2.4 Common confusions / NTA trap points

• The statement "W = R for a book on a table because the two forces cancel" is incorrect reasoning — the correct logic is that the book is observed to be at rest, hence by the first law net force is zero, hence R must equal and oppose W. The equality has no connection with the third law (NCERT §4.4, p. 52; Points to Ponder 7, p. 68).
• Action and reaction act on different bodies — they can therefore never cancel each other on a single body, and "F = 0" for one body is NOT a consequence of the third law (NCERT §4.6, p. 56–57).
• v = 0 momentarily does NOT mean force or acceleration are zero — at the top of a vertical throw, v = 0 but a = g downward (Points to Ponder 2, p. 68).
• Static friction is self-adjusting up to μ_s N; do not set f_s = μ_s N unless the body is on the verge of slipping (Points to Ponder 6, p. 68).

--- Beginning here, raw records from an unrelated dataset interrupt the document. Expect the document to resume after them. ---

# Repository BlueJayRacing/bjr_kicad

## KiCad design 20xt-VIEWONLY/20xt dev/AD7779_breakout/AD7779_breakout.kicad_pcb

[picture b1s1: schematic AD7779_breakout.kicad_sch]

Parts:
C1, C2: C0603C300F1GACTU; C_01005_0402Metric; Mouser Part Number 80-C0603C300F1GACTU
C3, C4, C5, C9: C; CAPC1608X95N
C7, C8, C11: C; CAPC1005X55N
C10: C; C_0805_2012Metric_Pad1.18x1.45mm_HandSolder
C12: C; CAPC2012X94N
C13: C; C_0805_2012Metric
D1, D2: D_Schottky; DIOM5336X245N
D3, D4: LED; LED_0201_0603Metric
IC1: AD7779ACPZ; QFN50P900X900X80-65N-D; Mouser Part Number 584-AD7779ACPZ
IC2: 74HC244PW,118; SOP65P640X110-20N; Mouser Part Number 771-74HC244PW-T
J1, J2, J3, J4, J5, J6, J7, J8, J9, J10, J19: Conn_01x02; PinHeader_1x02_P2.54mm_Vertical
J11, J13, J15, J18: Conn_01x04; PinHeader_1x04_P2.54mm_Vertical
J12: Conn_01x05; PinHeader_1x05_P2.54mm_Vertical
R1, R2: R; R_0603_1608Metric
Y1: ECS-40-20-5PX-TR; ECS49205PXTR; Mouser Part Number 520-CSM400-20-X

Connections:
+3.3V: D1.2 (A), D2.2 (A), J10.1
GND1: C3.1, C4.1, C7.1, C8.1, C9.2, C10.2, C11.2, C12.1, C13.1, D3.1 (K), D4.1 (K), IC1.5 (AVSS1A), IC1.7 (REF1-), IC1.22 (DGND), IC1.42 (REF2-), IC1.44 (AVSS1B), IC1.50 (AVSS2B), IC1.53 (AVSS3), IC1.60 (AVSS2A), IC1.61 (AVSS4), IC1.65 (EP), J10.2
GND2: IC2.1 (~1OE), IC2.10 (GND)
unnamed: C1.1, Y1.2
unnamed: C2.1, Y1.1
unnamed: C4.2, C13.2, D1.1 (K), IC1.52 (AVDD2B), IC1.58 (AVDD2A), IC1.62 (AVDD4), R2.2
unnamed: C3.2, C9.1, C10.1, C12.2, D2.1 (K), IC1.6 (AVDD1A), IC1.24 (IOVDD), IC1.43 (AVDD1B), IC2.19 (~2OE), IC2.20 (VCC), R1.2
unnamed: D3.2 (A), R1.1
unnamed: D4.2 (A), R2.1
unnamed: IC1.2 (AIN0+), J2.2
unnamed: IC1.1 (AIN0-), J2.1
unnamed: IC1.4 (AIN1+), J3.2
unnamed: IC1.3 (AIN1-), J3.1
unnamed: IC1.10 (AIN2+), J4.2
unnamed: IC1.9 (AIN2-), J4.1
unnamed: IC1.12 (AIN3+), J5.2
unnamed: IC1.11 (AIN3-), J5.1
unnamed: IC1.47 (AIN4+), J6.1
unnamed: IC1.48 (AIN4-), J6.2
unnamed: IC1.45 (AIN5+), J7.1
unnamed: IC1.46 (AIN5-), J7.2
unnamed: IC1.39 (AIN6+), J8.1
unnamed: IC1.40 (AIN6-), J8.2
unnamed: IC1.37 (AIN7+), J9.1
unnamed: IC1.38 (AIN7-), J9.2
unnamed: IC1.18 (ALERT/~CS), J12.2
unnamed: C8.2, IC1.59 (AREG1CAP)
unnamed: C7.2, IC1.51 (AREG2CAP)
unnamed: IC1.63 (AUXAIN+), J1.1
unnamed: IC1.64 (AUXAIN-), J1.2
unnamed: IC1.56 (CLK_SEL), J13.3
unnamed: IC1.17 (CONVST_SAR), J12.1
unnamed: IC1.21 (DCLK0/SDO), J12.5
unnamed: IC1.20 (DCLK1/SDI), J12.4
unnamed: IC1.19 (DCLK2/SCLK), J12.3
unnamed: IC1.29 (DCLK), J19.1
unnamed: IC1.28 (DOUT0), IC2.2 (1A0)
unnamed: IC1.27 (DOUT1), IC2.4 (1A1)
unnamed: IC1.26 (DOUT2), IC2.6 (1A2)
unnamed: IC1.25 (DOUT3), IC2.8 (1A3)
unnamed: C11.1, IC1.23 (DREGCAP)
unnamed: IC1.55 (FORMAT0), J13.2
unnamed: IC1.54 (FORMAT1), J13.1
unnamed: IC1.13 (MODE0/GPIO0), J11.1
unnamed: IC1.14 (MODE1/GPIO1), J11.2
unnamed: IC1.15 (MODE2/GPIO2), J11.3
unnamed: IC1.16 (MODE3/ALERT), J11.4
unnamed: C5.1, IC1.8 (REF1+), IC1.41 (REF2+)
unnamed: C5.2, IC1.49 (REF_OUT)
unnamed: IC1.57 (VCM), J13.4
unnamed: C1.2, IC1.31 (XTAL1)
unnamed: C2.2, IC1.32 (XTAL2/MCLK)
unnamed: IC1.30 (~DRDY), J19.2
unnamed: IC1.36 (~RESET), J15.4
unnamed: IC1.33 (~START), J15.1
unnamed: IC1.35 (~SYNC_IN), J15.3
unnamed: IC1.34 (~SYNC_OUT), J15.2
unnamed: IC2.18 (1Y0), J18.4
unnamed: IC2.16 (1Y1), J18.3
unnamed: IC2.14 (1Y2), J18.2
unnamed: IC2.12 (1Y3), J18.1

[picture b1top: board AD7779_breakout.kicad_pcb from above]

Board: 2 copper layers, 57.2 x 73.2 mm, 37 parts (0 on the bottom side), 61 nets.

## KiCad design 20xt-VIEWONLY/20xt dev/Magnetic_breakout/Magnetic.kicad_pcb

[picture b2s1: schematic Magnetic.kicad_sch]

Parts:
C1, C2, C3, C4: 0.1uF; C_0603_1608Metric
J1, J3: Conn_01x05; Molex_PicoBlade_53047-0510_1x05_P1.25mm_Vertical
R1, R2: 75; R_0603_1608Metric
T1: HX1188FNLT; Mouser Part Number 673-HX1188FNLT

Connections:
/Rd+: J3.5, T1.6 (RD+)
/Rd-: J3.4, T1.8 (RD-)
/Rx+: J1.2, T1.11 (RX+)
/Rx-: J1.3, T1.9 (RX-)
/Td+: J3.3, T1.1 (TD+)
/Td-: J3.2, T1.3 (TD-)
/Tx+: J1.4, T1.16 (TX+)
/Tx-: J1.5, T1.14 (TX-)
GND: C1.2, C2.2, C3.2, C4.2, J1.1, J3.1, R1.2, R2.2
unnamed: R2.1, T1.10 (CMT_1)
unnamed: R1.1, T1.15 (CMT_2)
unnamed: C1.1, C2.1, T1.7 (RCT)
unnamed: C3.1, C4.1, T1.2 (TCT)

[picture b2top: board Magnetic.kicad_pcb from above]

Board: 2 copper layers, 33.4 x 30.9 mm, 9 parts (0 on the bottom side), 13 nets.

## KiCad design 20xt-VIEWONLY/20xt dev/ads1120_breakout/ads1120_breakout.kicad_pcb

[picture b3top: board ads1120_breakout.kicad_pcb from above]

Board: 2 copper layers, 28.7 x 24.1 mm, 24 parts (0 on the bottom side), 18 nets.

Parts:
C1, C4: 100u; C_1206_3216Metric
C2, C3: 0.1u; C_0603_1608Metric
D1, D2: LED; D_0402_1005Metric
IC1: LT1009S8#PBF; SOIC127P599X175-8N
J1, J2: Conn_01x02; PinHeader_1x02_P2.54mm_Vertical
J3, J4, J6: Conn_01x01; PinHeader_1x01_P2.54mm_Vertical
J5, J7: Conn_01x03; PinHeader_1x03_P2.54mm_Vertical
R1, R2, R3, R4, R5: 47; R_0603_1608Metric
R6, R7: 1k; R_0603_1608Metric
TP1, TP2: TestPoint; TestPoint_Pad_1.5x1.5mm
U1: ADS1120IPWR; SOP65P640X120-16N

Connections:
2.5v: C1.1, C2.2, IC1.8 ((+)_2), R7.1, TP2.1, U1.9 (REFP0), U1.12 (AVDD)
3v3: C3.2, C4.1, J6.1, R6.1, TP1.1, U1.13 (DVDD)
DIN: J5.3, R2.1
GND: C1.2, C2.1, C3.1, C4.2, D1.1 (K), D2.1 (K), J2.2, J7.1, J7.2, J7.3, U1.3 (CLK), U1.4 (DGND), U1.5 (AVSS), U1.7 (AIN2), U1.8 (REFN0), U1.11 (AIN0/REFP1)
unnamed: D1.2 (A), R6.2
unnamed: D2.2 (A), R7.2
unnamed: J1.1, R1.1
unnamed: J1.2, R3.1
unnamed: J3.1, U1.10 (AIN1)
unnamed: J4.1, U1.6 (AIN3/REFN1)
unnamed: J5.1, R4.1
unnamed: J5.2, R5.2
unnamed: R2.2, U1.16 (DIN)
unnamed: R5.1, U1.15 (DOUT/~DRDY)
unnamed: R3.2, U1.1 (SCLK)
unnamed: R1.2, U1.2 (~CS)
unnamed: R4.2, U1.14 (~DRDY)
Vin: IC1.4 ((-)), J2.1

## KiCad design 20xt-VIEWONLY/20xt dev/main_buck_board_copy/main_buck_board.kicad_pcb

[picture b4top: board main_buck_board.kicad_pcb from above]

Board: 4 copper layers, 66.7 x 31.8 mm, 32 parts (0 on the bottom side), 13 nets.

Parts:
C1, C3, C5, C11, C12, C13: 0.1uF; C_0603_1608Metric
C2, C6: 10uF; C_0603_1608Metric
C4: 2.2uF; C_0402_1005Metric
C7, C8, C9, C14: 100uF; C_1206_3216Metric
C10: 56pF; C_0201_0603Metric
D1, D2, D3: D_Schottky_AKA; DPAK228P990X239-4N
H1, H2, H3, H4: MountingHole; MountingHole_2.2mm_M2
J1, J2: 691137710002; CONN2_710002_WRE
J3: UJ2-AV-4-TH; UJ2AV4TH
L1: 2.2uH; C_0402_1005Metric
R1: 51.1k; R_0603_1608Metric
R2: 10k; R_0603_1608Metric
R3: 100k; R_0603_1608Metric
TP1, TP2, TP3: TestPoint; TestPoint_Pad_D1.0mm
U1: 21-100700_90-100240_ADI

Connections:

• Centripetal force is not a new kind of force; always identify the underlying material force (tension, gravity, friction, normal-reaction component) that plays this role (Points to Ponder 5, p. 68).
• For a banked road, v_max² = R g (μ_s + tan θ)/(1 − μ_s tan θ) is the maximum (slip-up condition); v_o = √(R g tan θ) is only the no-friction-needed optimum, not the maximum (NCERT §4.10, p. 64).